C’était en 1969. J’habitais Paris.
Un poète québécois, Guy Lafond, que j’avais connu là-bas, me cite un titre et un nom d’auteur, il me dit: “Ça se lit comme un roman…” Le livre, c’était L’Aventure de la Conscience; l’auteur était Satprem.
Une ou deux semaines auparavant, je venais tout juste de découvrir un univers qui, pour moi, avait été, jusque-là, parallèle: j’étais entré dans une “librairie ésotérique” du quartier latin à Paris. Je n’étais jamais entré dans ce genre de librairie et je ne connaissais rien de cet univers. Je voulais simplement lire quelque chose d’inhabituel – et la vitrine et les titres dans la vitrine semblaient offrir ce que le flâneur en moi cherchait.
Un titre m’avait frappé sur l’une des étagères: Fragments d’un enseignement inconnu. L’auteur: Ouspensky. Le thème: ses rencontres et ses entretiens avec “G” (George Ivanovitch Gurdjieff). J’ai pensé: “On va essayer ça…”
Une journée ou deux plus tard, au moment où Lafond me parlait de Satprem, je venais tout juste de terminer l’aventure du livre d’Ouspensky – et c’était pour moi une aventure de l’étonnement. Une sorte de choc, aussi. Une découverte.
Une découverte qui allait être vite distancée à la lecture de L’Aventure de la Conscience de Satprem dont l’expérience, l’enseignement, le réalisme spirituel, la substance allaient m’accompagner jusqu’à ce jour – et m’accompagneront, je pense, toujours.
Un passage décisif, l’un de ceux dont je me souviens le plus, c’est celui qui va suivre, plus bas. L’édition de l’exemplaire du livre que j’ai présentement entre les mains, et dont l’extrait est tiré, date de 1970 – je viens tout juste de le recevoir, commandé chez amazon parce que je tenais à faire le post que vous lisez maintenant. Ce n’est évidemment pas l’édition que j’ai lue en 1969. La raison: je n’ai plus de véritable bibliothèque – j’ai dû me défaire des neuf dixièmes de mes livres en 1999.

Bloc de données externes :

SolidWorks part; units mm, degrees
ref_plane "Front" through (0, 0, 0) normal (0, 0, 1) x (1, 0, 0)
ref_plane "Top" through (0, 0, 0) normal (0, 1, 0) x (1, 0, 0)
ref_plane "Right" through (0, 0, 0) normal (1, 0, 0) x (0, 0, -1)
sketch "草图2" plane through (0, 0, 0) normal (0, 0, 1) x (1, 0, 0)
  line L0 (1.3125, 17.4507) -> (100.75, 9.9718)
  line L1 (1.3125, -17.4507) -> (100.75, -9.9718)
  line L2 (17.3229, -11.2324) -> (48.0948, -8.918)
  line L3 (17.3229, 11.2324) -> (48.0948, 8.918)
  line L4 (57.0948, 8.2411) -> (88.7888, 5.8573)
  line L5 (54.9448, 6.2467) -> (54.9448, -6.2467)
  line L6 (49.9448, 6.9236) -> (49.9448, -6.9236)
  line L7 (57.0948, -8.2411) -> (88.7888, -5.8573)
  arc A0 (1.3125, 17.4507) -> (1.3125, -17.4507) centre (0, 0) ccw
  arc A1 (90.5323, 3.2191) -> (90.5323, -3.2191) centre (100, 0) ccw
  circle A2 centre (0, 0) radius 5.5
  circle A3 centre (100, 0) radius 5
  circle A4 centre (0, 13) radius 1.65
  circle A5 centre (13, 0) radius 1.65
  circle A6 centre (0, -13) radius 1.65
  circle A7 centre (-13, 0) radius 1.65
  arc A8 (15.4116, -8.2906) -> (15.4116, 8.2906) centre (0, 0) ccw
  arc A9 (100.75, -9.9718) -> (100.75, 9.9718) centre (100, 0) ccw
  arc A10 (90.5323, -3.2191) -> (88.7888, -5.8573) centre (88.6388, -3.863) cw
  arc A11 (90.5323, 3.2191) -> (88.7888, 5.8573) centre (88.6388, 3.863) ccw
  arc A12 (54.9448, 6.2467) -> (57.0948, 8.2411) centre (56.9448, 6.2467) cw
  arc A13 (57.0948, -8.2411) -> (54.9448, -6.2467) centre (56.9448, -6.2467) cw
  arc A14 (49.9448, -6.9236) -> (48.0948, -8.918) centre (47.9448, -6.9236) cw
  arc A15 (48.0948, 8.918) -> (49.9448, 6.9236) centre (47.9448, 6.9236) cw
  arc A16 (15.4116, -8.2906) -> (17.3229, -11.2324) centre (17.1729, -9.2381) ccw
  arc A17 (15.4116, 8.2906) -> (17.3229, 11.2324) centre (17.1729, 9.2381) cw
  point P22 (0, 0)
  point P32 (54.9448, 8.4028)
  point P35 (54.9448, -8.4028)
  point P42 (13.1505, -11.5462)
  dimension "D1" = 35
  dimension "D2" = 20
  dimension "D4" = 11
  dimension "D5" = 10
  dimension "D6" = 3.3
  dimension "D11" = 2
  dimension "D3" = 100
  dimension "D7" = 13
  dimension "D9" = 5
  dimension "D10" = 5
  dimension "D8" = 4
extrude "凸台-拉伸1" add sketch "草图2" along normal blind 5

Mais le texte cité ici est très vraisemblablement le même – en tout cas il l’est à ma mémoire – et l’essentiel est là. Ce passage décisif, c’est celui où Satprem décrit de manière tellement simple le point de contact avec la Shakti.

Sujata Nahar, la compagne de Satprem, a quitté son corps peu après son compagnon, le 4 mai 2007. Elle était née à Calcutta le 12 décembre 1925.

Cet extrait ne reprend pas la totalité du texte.